InfiniteTalk – a digital human video generation framework open-sourced by Meituan
What is InfiniteTalk?
InfiniteTalk is a novel digital human-driven technology developed by Meituan’s Visual Intelligence Division. Using a sparse-frame video dubbing paradigm, it can generate natural and fluid digital human videos with only a few keyframes. This approach addresses the common problem in traditional techniques where lip movements, facial expressions, and body gestures are not synchronized. InfiniteTalk enhances the immersion and realism of digital human videos while maintaining high generation efficiency and low cost. Its paper, code, and model weights have been open-sourced, providing an important reference for the development of digital human technology.
Key Features
-
Efficient digital human driving: Generates natural and fluid videos with only a few keyframes, achieving perfect synchronization of lip movements, facial expressions, and body gestures.
-
Versatile scenario adaptation: Suitable for virtual anchors, customer service avatars, actors, and other applications, providing cost-effective digital human solutions across industries.
-
High-efficiency video generation: Uses sparse-frame driving and temporal interpolation to quickly produce high-quality videos, greatly reducing production time and cost.
Technical Principles of InfiniteTalk
-
Sparse-frame video dubbing paradigm: Only a few keyframes are needed to capture the main variations in lip movements, expressions, and body gestures. Intermediate frames are generated via temporal interpolation, creating a complete video sequence. Advanced interpolation algorithms fill the time gaps between keyframes, while fusion techniques ensure smooth transitions of actions, expressions, and lip movements, resulting in coherent video content.
-
Multimodal fusion and optimization: Combines text, audio, and visual information. For example, speech recognition extracts content from audio, which is combined with text input to accurately control the digital human’s lip movements and expressions. Deep learning-based optimization fine-tunes movements, expressions, and lip-sync to ensure high consistency with audio and text, enhancing realism.
-
Efficient computational architecture: Lightweight deep learning models reduce computational resource consumption while maintaining performance.
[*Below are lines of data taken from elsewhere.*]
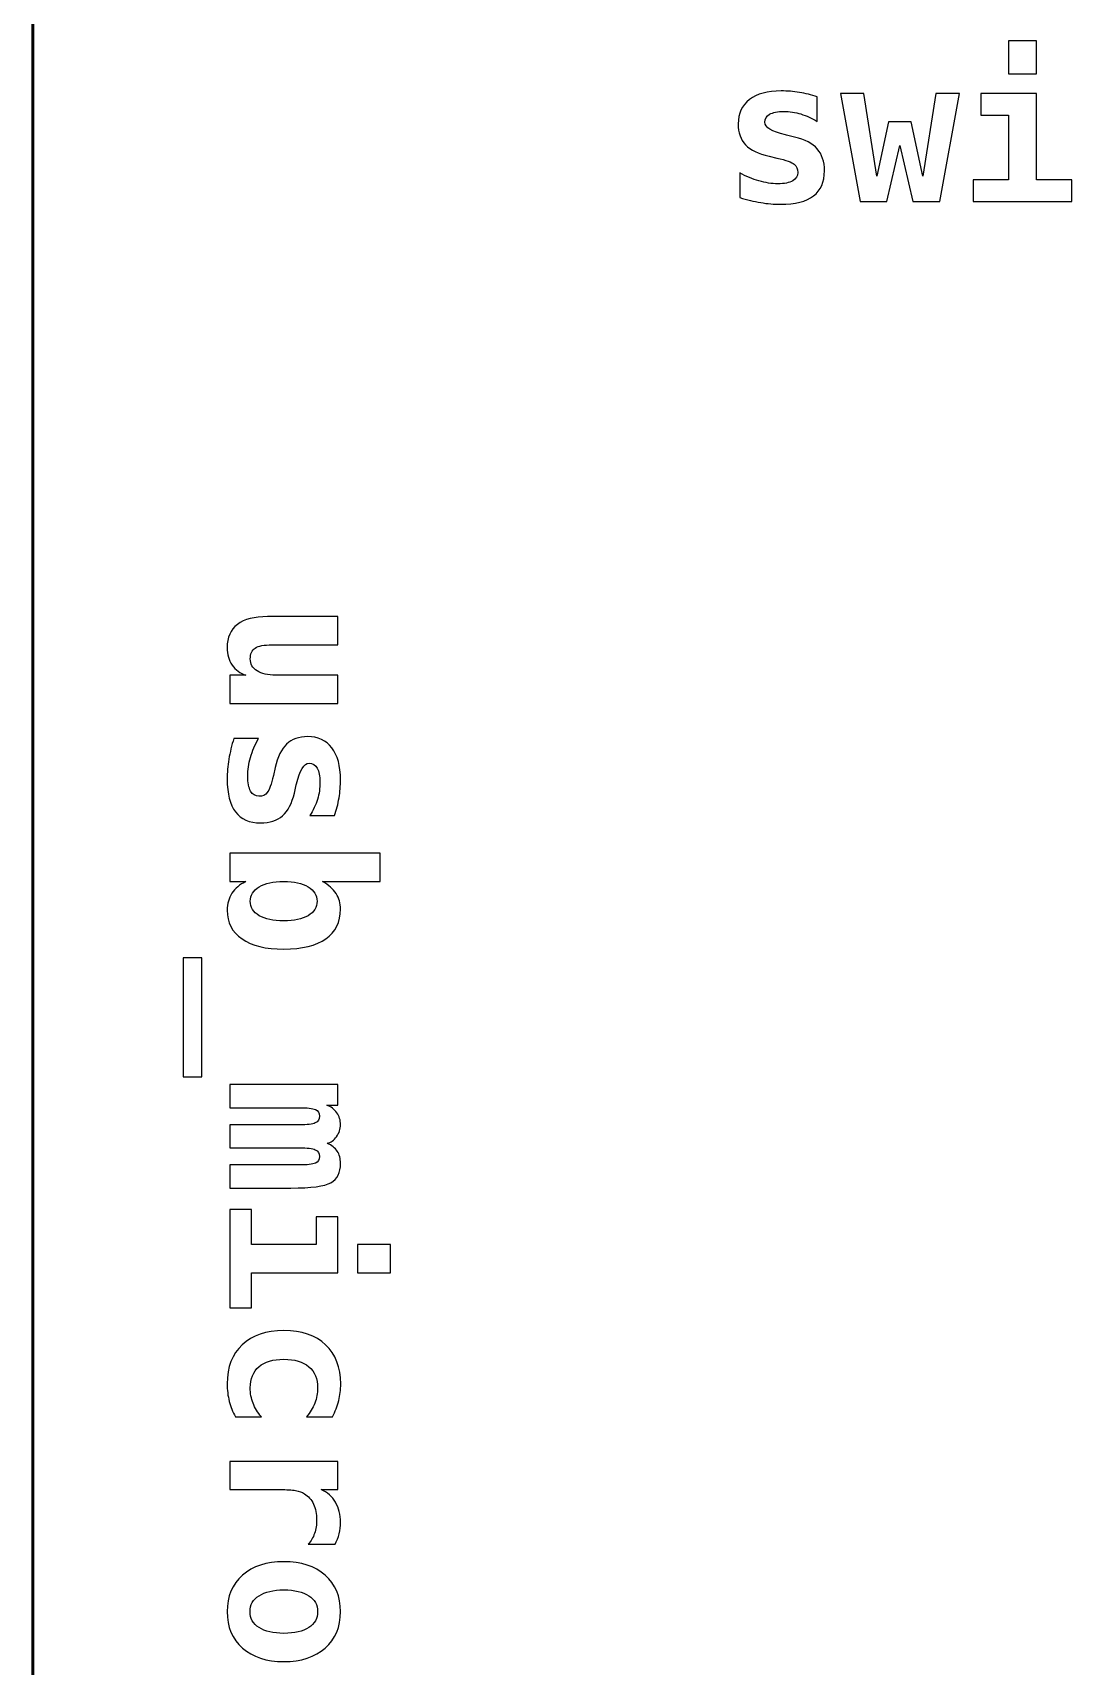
# Model space of a CAD drawing. Header units: centimetres. Extents: x -10.8 to 29.8, y -19.8 to 32.2.
# Drawn here: x -4.75 to -2.504, y -1.245 to 2.257 of the extents above; entities that cross this region are included whole.
import ezdxf

# ---------------------------------------------------------------- set-up
doc = ezdxf.new("R2010")
doc.units = ezdxf.units.CM
doc.header["$MEASUREMENT"] = 0
doc.layers.add('Layer 1', color=7, linetype='Continuous')

msp = doc.modelspace()

# ---------------------------------------------------------------- linework, layer by layer
at = {"layer": 'Layer 1', "lineweight": 53}
msp.add_open_spline([(-4.75, 8.75), (-4.75, 8.75), (-0.25, 8.75), (-0.25, 8.75), (-0.25, 8.75), (-0.25, 8.75), (-0.25, -4.75), (-0.25, -4.75), (-0.25, -4.75), (-0.25, -4.75), (-4.75, -4.75), (-4.75, -4.75), (-4.75, -4.75), (-4.75, -4.75), (-4.75, 8.75), (-4.75, 8.75)], degree=3, knots=[0, 0, 0, 0, 0.2, 0.2, 0.2, 0.2, 0.4, 0.4, 0.4, 0.4, 0.6, 0.6, 0.6, 0.6, 1, 1, 1, 1], dxfattribs=at)
at = {"layer": 'Layer 1'}
for points, knots in [([(-2.65874, 2.23961), (-2.65874, 2.23961), (-2.59821, 2.23961), (-2.59821, 2.23961), (-2.59821, 2.23961), (-2.59821, 2.23961), (-2.59821, 2.16891), (-2.59821, 2.16891), (-2.59821, 2.16891), (-2.59821, 2.16891), (-2.65874, 2.16891), (-2.65874, 2.16891), (-2.65874, 2.16891), (-2.65874, 2.16891), (-2.65874, 2.23961), (-2.65874, 2.23961)], [0, 0, 0, 0, 0.2, 0.2, 0.2, 0.2, 0.4, 0.4, 0.4, 0.4, 0.6, 0.6, 0.6, 0.6, 1, 1, 1, 1]), ([(-3.06852, 2.1198), (-3.06852, 2.1198), (-3.06852, 2.06689), (-3.06852, 2.06689), (-3.06852, 2.06689), (-3.07967, 2.07401), (-3.09131, 2.07938), (-3.10337, 2.08305), (-3.10337, 2.08305), (-3.11544, 2.08664), (-3.12757, 2.08848), (-3.13971, 2.08848), (-3.13971, 2.08848), (-3.15325, 2.08848), (-3.16349, 2.0865), (-3.17033, 2.08262), (-3.17033, 2.08262), (-3.17724, 2.07867), (-3.1807, 2.07289), (-3.1807, 2.0652), (-3.1807, 2.0652), (-3.1807, 2.05419), (-3.16595, 2.04523), (-3.13646, 2.03831), (-3.13646, 2.03831), (-3.13646, 2.03831), (-3.1342, 2.03775), (-3.1342, 2.03775), (-3.1342, 2.03775), (-3.1342, 2.03775), (-3.11685, 2.03359), (-3.11685, 2.03359), (-3.11685, 2.03359), (-3.09476, 2.02837), (-3.07854, 2.0199), (-3.06831, 2.00826), (-3.06831, 2.00826), (-3.05801, 1.99662), (-3.05286, 1.98088), (-3.05286, 1.96106), (-3.05286, 1.96106), (-3.05286, 1.93721), (-3.06069, 1.91929), (-3.07628, 1.90736), (-3.07628, 1.90736), (-3.09194, 1.89544), (-3.11544, 1.88951), (-3.14683, 1.88951), (-3.14683, 1.88951), (-3.16073, 1.88951), (-3.17506, 1.89071), (-3.18959, 1.89311), (-3.18959, 1.89311), (-3.2042, 1.89551), (-3.21901, 1.89911), (-3.23404, 1.90391), (-3.23404, 1.90391), (-3.23404, 1.90391), (-3.23404, 1.95682), (-3.23404, 1.95682), (-3.23404, 1.95682), (-3.22071, 1.94927), (-3.20709, 1.94349), (-3.19326, 1.93954), (-3.19326, 1.93954), (-3.17943, 1.93552), (-3.1661, 1.93354), (-3.15311, 1.93354), (-3.15311, 1.93354), (-3.13893, 1.93354), (-3.12821, 1.93559), (-3.12094, 1.93975), (-3.12094, 1.93975), (-3.11367, 1.94384), (-3.11, 1.94984), (-3.11, 1.95767), (-3.11, 1.95767), (-3.11, 1.96543), (-3.11262, 1.97136), (-3.11777, 1.97545), (-3.11777, 1.97545), (-3.12292, 1.97961), (-3.13519, 1.98399), (-3.15467, 1.98871), (-3.15467, 1.98871), (-3.15467, 1.98871), (-3.17139, 1.99238), (-3.17139, 1.99238), (-3.17139, 1.99238), (-3.19453, 1.99767), (-3.21139, 2.00586), (-3.22198, 2.01701), (-3.22198, 2.01701), (-3.23256, 2.02815), (-3.23785, 2.04311), (-3.23785, 2.06181), (-3.23785, 2.06181), (-3.23785, 2.08417), (-3.22981, 2.10153), (-3.21365, 2.11388), (-3.21365, 2.11388), (-3.19756, 2.1263), (-3.17484, 2.1325), (-3.14563, 2.1325), (-3.14563, 2.1325), (-3.13251, 2.1325), (-3.11946, 2.13145), (-3.10648, 2.12933), (-3.10648, 2.12933), (-3.09342, 2.12721), (-3.08079, 2.12404), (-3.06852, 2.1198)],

Parallel computing is used to handle multiple tasks during video generation, further improving speed and efficiency.
Project Links
-
Official site: https://meigen-ai.github.io/InfiniteTalk/
-
GitHub repository: https://github.com/MeiGen-AI/InfiniteTalk
-
HuggingFace model hub: https://huggingface.co/MeiGen-AI/InfiniteTalk
-
arXiv paper: https://arxiv.org/pdf/2508.14033
Application Scenarios for InfiniteTalk
-
Virtual anchors: Provides 24/7 virtual anchors for news, variety shows, and livestreams, improving efficiency and engagement.
-
Film and TV production: Speeds up virtual character creation and motion capture in movies and TV shows, reducing production cost and time.
-
Game development: Enhances naturalness and fluidity of in-game virtual character movements, increasing player immersion.
-
Online education: Creates virtual teachers to provide personalized teaching, including live Q&A and course explanations, improving learning outcomes.
-
Training simulations: Used for enterprise training simulations, such as customer service or sales training, allowing employees to practice in a virtual environment.